Press-Enterprise - 2/21/2024

In September 2020, Richard Shane Hampton called his mother from the Larry D. Smith Correctional Facility in Banning with a “really, really” important request.

Hampton spelled out the name of a fellow inmate — “R-o-s-e-n-d-o E-c-h-e-v-a-r-r-i-a” — and asked her to look up what he was in for. Hampton’s mother said it was child abuse.

Court records show that Echevarria was charged with four felony counts of molesting a child younger than 14 years old.

“Don’t get involved in it,” Hampton’s mother warned.

“No choice,” her son responded.

The call was captured on a recording and referred to in a court sentencing brief.

Three days after that call, on Sept. 8, Echevarria, 29, was dead.

Hampton was seen on jail video after the attack receiving congratulations from other inmates.

“Seven hours later, the defendant was in a holding cell when a correctional deputy walked in,” according to the sentencing brief filed by the Riverside County District Attorney’s Office in the murder case against Hampton. “The defendant told that correctional deputy that he (the defendant) made the world a safer place for the children.”

Hampton, 40, was in the Banning facility facing charges of assault with a deadly weapon, arson and vandalism.
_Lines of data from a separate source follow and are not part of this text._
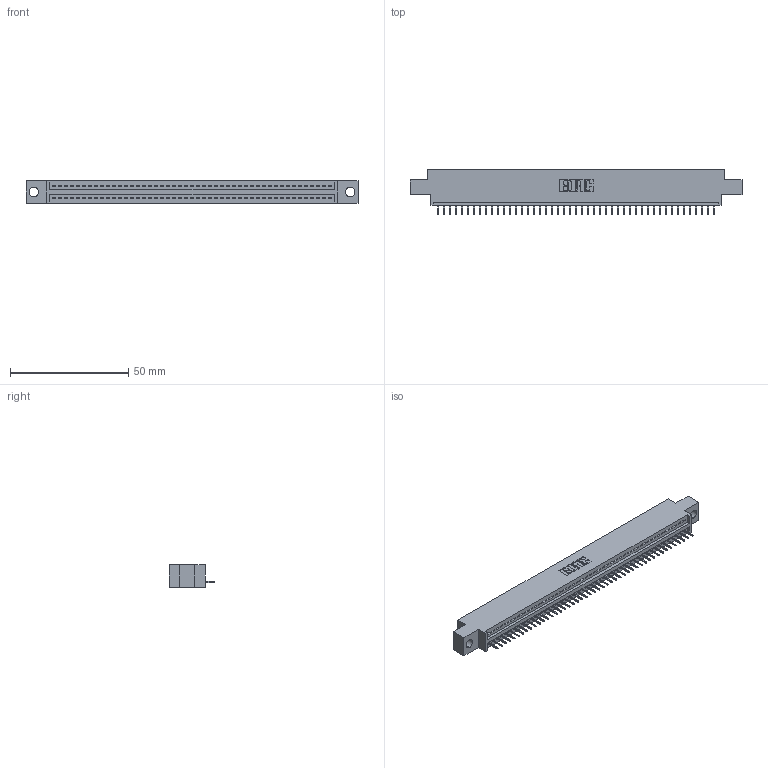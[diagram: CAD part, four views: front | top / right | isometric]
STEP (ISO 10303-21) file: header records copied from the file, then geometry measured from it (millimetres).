
FILE_DESCRIPTION (( 'STEP AP203' ), '1' );
FILE_NAME ('395-047-524-604.STEP', '2021-05-31T15:15:02', ( '' ), ( '' ), 'SwSTEP 2.0', 'SolidWorks 2020', '' );
FILE_SCHEMA (( 'CONFIG_CONTROL_DESIGN' ));
Length unit declared in the file: inch
Products named in the file (3): 395-047-524-604; 345 Part_0.170 Offset - 0.156 Dia-TI; 345-292-001_345-293-124
Assembly tree (48 placements, depth 2):
  395-047-524-604
    345 Part_0.170 Offset - 0.156 Dia-TI
    345-292-001_345-293-124  x47
Bounding box: 140.59 x 19.35 x 9.4 mm (x, y, z)
Volume: 12989.3 mm3; surface area: 16704.9 mm2
Topology: 48 solids, 48 shells, 3058 faces, 8849 edges, 5710 vertices
Faces by surface type: plane 2260, cylinder 798
Entity records: 35325 total; most frequent: CARTESIAN_POINT 6127, ORIENTED_EDGE 6106, DIRECTION 5343, EDGE_CURVE 3053, LINE 2737, VECTOR 2737, VERTEX_POINT 2030, AXIS2_PLACEMENT_3D 1303

He was sentenced to 50 years to life in state prison on Feb. 2, 2024, for first-degree murder.

A man accused of being an accomplice, Jason Lynn Barton, 46, has pleaded not guilty to a charge of murder and is due back in court on March 1. A second accused accomplice, Aaron Allen Aubrey, 29, killed himself in jail in December.

Many inmates consider pedophiles to be the lowest of the low — worse, even, than snitches.

How Hampton suspected that Echevarria was a child molester was unclear.

“Inmates have the ability to contact individuals outside of custody and ask them to check publicly available sources on the internet for information,” said Sgt. Wenndy Brito-Gonzalez, a spokeswoman for the Sheriff’s Department, which operates Riverside County’s jails. “Additionally, inmates go to court with other inmates and may hear about each other’s legal issues.”

Brito-Gonzalez added that department policy prohibits employees from providing such information to inmates.

The District Attorney’s Office declined to comment on the question, citing the ongoing case, said John Hall, a department spokesman.

More than three people appeared to be in on the attack, according to the sentencing brief written by Deputy District Attorney Gerald Pfohl.

Hampton was in Housing Unit 14, Dayroom C on Sept. 8 when Aubrey spread a blanket over the top of two bunk beds, obscuring the view of the lower beds.

Soon after, Echevarria sat down between the bunk beds.

“The defendant (Hampton) sat on the lower bed of the bunk and began to assault Echevarria on the lower bed of the bunk,” the court document says. “Barton began to assault Echevarria, grabbing a cane from the upper bunk rail of a bed.”

The assault continued.

Hampton and Barton then left and washed up while Aubrey placed Echevarria on a bunk bed and put a blanket over him, the sentencing brief says. Barton used towels to wipe down the area by the bunk beds, rinsed them out and threw them — by now bloody — into a plastic trash bag, the brief says.

Brito-Gonzalez did not answer a question about why correctional deputies did not notice the attack.